Drescher met up with Sagansky during her flight to France and arranged for her and Jacobson to pitch an idea for CBS. The series' launch underperformed and after only five episodes amidst declining ratings, CBS canceled the show. The series, spearheaded by Jeff Sagansky, was plagued with rumors of behind the scenes drama. I felt like this loud New Yorker, so crude, so blue collar, so Jewish." Drescher called her husband, producer Peter Marc Jacobson, and told him her idea of "a takeoff of The Sound of Music, only I come through the door instead of Julie Andrews." Development ĭrescher had previously starred in the television sitcom Princesses on CBS in 1991. Drescher noted how she felt out of place in the country: "Everything was so English, so proper. While there, Drescher spent time with Twiggy and her husband Leigh Lawson's children. After leaving France, Drescher left for the United Kingdom to visit close friend, model and former Princesses co-star Twiggy. In France, Drescher lived with a family and observed the family's life with a Guatemalan nanny.

The concept for The Nanny came into fruition during Drescher's trip to France and the United Kingdom.

The season was released on DVD by Sony Pictures Home Entertainment in 2005, nearly 12 years after its premiere. The season finale, however, generated a large increase in ratings, garnering the second highest rating for season behind the fifth episode "Here Comes the Brood", with 20.3 million viewers. The Nanny 's first season debuted to moderate numbers and ratings for the channel, maintaining most of the initial audience through the season's broadcast.

Several recurring characters also played a role in the sitcom's plotlines, many of whom were related to Fran. Babcock, Maxwell's associate in his production company who is smitten with him.
Brighton the nanny series#
The series also features Daniel Davis as Niles, the family butler, and Lauren Lane as C.C. Drescher stars as the titular character, Charles Shaughnessy as British-born producer Maxwell Sheffield, and the children – Maggie, Brighton and Grace – portrayed by Nicholle Tom, Benjamin Salisbury, and Madeline Zima. Most of the season's episodes aired on Wednesdays at 8:30 pm while the first few aired on Wednesdays at 8:00 pm.īased on an idea inspired by Drescher's visit with a friend and The Sound of Music, the season revolves around Fran Fine, a Jewish woman from Flushing, Queens, New York, who is hired by a wealthy Broadway producer to be the nanny to his three children. and TriStar Television, the series features Drescher, Jacobson, Fraser, Sternin, Caryn Lucas and Diane Wilk as executive producers. The series was created by actress Fran Drescher and her then-husband Peter Marc Jacobson, and developed by Prudence Fraser and Robert Sternin. show there.The first season of the American television sitcom The Nanny aired on CBS from November 3, 1993, to May 16, 1994. Grace accompanied her family to Los Angeles, when her father accepted an offer to produce a T.V. She became an older sister to her twin half-siblings, Jonah and Eve Catherine Sheffield. She also supported the relationship between Fran and Maxwell quite actively on several occassions. As the years passed, Grace eventually assimilated several of Fran's and Sylvia's Yiddish phrases, Jewish views, quotes, morals and dressing habits into her personality. Grace would often accompany Fran shopping, and aided Fran in her schemes. Grace and Fran became very close, to the point where Grace saw Fran as a maternal figure, since she could remember very little of her own deceased mother, Sara.

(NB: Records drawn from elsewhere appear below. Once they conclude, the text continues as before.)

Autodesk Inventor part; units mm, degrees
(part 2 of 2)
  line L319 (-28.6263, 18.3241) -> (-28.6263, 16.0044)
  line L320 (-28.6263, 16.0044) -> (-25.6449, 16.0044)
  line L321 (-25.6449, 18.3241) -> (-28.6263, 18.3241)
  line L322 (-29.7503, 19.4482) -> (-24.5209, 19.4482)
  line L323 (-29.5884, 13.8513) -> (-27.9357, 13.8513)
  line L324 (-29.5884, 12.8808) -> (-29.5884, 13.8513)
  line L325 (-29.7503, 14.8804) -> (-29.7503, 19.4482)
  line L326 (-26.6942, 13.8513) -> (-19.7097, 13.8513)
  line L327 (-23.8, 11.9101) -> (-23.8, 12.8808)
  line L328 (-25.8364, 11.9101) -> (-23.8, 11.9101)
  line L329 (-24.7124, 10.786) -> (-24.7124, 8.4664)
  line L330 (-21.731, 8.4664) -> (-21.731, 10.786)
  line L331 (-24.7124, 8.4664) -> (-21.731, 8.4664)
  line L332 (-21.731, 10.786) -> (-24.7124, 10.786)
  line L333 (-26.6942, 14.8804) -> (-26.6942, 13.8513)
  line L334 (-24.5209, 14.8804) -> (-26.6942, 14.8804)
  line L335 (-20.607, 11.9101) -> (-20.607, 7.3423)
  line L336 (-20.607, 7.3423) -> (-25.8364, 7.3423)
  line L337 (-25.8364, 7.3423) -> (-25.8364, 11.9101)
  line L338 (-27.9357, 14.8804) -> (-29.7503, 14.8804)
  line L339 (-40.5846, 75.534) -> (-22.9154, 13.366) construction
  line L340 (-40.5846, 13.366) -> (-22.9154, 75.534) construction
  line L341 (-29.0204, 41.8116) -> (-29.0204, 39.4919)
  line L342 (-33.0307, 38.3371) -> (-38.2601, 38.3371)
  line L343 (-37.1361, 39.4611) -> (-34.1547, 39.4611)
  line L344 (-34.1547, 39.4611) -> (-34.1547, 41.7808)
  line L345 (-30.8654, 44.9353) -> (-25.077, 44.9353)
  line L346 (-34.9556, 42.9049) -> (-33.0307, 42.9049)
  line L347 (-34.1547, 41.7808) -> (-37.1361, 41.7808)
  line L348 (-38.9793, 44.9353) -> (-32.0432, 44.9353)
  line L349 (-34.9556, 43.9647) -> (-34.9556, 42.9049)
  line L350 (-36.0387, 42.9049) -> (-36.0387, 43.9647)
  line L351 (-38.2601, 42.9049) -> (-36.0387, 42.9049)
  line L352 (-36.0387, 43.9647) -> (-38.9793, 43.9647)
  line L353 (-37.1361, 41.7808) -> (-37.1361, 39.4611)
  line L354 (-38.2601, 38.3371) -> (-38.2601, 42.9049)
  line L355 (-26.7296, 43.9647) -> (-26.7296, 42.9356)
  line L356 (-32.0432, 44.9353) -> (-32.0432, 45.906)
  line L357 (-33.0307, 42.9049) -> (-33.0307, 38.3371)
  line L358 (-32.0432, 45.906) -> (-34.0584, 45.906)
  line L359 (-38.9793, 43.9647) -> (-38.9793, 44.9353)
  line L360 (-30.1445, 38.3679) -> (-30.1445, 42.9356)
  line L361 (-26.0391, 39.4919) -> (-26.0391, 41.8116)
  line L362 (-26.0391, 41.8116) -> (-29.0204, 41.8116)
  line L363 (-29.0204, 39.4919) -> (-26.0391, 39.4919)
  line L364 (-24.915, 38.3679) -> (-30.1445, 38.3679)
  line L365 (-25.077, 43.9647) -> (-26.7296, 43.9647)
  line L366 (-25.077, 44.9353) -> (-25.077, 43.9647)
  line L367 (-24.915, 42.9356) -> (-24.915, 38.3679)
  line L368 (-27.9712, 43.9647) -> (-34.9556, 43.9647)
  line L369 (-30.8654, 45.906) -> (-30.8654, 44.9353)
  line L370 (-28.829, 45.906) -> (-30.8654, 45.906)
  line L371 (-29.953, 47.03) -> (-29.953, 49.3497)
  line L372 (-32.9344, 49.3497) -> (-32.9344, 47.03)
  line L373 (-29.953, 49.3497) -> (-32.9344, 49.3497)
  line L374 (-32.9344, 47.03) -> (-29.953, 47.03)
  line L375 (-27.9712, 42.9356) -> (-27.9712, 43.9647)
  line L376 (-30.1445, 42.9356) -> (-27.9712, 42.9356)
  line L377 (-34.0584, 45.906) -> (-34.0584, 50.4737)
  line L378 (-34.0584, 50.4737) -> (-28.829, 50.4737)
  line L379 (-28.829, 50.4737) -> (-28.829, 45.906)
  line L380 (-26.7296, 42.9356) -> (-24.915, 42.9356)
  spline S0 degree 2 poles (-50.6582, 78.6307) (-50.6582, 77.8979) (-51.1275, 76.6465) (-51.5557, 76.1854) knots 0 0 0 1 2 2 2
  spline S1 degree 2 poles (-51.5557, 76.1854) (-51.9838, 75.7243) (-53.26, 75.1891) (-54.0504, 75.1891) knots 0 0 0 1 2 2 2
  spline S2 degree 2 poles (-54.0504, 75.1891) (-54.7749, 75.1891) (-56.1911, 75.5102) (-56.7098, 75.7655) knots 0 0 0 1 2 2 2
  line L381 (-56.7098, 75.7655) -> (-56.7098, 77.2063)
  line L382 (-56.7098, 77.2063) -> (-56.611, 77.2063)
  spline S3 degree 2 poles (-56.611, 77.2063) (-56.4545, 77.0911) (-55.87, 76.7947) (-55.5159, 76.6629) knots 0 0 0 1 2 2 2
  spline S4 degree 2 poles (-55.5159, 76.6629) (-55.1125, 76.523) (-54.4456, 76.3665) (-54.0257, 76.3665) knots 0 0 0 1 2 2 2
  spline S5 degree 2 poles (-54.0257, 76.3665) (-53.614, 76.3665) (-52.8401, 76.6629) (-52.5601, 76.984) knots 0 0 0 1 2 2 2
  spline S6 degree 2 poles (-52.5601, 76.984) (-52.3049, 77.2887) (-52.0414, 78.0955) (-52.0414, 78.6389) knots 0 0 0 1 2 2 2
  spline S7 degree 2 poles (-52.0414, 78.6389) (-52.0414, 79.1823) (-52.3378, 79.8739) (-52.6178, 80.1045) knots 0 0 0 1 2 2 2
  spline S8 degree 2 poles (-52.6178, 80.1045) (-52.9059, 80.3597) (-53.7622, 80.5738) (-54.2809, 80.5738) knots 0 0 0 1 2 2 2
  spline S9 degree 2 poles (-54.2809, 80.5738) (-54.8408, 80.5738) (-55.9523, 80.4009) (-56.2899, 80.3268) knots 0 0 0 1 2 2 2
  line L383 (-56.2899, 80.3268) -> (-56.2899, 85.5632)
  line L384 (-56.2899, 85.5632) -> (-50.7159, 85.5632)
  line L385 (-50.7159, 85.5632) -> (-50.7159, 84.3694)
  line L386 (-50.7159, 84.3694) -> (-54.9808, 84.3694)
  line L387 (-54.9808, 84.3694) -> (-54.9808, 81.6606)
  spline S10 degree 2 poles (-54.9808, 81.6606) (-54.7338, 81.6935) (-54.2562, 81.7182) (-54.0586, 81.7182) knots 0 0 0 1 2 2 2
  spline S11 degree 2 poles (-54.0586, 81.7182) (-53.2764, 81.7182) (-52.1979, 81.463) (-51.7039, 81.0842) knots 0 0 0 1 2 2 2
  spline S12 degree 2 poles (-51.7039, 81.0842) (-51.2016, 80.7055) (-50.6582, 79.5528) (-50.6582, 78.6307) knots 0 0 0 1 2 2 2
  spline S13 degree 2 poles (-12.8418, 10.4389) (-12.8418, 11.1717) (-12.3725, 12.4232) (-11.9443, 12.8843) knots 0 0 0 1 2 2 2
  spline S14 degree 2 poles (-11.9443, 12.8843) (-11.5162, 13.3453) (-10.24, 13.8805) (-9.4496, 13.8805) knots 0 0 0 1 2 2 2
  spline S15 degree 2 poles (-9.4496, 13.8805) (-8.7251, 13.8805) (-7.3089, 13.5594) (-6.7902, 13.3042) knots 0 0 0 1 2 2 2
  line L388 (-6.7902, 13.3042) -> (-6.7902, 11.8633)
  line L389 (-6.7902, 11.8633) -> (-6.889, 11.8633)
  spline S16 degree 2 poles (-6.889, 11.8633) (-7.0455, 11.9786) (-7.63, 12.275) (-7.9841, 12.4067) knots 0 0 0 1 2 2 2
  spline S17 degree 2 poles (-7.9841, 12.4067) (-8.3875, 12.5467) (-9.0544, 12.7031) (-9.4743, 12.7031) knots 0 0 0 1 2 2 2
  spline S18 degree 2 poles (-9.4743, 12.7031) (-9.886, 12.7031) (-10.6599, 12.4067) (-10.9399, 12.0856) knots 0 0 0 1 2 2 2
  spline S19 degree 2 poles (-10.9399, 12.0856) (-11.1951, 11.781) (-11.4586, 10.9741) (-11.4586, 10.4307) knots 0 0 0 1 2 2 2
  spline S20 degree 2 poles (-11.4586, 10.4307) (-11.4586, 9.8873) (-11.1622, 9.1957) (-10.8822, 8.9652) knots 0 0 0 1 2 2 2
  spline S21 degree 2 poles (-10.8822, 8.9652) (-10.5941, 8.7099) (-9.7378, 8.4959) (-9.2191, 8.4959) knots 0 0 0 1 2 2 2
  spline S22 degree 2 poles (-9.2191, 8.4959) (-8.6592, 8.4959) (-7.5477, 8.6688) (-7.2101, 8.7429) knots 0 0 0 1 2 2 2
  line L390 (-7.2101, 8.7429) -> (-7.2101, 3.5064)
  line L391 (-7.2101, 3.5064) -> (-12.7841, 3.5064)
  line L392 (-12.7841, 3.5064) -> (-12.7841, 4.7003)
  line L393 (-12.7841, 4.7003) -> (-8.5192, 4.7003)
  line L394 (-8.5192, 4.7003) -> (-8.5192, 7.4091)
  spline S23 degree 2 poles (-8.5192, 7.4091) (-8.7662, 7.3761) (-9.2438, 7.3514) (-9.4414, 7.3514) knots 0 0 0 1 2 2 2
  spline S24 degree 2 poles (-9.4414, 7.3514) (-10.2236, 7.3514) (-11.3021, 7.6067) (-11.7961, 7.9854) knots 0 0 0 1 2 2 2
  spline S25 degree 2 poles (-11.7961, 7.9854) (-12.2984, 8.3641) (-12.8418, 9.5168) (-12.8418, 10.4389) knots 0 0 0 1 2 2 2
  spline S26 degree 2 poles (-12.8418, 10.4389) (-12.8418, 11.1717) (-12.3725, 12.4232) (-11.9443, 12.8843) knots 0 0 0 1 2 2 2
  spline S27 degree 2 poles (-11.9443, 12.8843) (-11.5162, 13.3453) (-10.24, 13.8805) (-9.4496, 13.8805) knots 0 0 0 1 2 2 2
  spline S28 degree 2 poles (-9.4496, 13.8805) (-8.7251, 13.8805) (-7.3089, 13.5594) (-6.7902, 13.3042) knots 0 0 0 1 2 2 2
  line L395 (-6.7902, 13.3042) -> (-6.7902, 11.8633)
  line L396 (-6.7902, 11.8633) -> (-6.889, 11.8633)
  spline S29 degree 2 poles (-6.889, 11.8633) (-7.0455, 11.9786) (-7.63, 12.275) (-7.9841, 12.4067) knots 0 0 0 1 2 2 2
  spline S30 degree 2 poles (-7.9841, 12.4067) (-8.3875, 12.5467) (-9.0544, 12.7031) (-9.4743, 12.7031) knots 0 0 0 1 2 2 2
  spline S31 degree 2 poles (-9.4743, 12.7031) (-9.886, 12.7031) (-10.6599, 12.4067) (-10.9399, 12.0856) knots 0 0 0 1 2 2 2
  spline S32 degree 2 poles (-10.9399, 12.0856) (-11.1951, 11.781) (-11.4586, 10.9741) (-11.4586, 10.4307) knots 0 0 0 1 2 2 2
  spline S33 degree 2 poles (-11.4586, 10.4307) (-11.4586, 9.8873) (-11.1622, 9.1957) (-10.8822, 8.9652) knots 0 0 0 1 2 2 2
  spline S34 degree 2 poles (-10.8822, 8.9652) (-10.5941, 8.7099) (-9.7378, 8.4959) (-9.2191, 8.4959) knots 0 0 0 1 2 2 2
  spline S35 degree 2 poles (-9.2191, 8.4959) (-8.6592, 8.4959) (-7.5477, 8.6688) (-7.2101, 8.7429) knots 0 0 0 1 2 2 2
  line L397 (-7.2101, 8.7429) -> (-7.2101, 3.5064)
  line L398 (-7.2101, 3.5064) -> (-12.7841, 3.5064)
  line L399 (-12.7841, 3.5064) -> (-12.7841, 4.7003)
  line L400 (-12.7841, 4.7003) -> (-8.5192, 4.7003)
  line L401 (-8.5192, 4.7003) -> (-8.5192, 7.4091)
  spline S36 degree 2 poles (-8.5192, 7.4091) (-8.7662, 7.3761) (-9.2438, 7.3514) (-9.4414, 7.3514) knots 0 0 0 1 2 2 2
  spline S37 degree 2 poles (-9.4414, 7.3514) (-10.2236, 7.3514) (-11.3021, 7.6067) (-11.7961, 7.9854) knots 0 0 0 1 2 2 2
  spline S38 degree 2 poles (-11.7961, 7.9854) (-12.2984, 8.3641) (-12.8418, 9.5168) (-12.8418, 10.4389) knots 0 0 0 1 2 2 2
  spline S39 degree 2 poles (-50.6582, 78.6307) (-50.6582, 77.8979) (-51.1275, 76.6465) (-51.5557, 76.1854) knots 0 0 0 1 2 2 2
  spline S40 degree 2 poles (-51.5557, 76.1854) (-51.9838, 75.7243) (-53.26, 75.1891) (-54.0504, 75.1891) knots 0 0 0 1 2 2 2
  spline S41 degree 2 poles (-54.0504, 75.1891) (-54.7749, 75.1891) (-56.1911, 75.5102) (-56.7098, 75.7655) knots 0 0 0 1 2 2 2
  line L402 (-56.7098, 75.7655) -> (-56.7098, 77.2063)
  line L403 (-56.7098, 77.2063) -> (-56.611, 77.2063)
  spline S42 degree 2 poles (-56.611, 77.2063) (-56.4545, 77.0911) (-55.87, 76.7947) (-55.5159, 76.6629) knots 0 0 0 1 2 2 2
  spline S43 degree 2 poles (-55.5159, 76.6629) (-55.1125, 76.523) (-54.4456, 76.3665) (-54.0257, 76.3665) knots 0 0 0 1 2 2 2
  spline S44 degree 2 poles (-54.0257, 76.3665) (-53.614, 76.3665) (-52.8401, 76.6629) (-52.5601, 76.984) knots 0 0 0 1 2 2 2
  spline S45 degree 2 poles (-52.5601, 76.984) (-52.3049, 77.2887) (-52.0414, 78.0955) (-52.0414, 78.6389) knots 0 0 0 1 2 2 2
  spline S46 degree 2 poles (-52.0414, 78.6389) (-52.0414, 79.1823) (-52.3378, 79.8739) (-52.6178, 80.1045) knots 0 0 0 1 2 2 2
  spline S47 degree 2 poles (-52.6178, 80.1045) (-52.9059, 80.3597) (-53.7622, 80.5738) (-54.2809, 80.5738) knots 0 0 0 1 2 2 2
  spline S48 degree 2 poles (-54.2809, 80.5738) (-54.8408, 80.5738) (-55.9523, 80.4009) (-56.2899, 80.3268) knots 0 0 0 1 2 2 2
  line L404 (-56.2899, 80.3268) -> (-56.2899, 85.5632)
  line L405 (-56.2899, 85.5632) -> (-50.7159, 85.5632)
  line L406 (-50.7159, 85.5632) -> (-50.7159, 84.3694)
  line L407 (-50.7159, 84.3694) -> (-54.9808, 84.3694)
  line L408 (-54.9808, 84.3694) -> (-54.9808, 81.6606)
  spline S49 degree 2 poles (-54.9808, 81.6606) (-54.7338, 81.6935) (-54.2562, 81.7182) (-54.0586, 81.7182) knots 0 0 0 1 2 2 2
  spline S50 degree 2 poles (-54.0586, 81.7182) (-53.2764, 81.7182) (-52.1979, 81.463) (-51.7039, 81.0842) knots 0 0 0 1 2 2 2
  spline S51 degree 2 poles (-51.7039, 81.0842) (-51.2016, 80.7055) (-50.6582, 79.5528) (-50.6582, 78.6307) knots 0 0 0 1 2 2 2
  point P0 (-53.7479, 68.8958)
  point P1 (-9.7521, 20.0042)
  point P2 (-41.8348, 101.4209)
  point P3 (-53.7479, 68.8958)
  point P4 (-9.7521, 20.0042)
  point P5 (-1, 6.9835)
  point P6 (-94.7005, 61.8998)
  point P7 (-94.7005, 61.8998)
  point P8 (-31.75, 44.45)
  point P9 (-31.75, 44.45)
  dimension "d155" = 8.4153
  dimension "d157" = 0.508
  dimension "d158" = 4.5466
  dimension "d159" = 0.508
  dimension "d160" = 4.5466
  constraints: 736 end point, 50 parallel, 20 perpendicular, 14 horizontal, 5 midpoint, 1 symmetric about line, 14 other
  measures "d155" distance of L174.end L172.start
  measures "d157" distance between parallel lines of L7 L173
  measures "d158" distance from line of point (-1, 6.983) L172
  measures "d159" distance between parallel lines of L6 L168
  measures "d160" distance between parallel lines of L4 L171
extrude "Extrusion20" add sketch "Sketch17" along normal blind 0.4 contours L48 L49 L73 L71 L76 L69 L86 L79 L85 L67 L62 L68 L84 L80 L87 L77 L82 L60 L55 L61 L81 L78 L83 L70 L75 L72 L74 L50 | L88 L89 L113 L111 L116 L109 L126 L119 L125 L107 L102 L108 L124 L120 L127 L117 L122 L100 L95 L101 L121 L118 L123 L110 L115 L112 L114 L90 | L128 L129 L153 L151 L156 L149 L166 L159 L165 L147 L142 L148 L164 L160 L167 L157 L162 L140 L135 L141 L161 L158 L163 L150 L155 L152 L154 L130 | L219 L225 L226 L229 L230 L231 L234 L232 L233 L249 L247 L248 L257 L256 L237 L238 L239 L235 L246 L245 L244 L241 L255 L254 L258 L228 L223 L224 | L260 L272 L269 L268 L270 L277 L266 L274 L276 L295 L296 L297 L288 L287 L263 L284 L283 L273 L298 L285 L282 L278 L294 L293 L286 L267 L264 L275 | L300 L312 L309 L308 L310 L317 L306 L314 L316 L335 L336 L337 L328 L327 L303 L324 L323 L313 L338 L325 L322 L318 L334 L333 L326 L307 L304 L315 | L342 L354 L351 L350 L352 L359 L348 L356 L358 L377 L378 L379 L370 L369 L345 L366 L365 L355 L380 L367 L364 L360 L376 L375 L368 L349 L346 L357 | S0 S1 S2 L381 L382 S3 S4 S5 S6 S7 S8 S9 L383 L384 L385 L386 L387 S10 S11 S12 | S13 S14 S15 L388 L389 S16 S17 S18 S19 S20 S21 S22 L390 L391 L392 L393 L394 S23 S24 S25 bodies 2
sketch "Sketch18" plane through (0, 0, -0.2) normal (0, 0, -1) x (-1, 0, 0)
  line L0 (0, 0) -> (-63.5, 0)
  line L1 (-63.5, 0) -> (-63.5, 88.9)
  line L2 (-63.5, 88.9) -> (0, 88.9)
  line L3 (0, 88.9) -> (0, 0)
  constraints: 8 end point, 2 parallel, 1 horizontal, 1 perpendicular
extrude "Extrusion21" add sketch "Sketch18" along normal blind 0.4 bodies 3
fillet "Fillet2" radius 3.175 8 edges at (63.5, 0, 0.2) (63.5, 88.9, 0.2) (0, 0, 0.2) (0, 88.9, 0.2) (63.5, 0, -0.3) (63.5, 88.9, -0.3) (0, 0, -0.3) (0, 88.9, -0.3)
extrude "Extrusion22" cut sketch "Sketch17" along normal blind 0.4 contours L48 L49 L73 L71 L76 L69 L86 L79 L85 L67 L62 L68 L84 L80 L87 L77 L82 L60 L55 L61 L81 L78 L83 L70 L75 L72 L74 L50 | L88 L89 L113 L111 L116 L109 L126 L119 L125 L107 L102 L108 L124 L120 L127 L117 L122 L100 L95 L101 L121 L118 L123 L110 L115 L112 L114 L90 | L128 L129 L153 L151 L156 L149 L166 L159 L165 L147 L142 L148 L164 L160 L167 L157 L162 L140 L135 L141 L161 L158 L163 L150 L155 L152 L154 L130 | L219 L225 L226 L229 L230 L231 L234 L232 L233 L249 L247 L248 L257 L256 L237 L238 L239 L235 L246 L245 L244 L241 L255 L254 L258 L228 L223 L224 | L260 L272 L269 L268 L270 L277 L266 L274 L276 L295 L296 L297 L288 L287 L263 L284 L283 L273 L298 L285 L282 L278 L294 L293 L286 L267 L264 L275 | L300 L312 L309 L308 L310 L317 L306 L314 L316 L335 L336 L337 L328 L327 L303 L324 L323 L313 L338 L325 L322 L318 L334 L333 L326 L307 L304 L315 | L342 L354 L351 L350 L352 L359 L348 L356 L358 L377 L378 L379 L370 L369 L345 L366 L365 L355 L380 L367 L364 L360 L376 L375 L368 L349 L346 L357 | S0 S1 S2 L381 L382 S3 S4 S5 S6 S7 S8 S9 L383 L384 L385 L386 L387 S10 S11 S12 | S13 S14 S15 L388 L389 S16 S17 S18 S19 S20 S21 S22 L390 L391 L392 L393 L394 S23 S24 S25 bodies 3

In the first season Grace had many imaginary friends, such as Imogene. who apparently 'had been going for twenty years'. Grace was seeing a therapist when Fran Fine came to work for the family which ultimately was advised by C.C. Grace was the youngest of the three Sheffield children. Grace Sheffield is a principal character on the long-running American television situation comedy, The Nanny.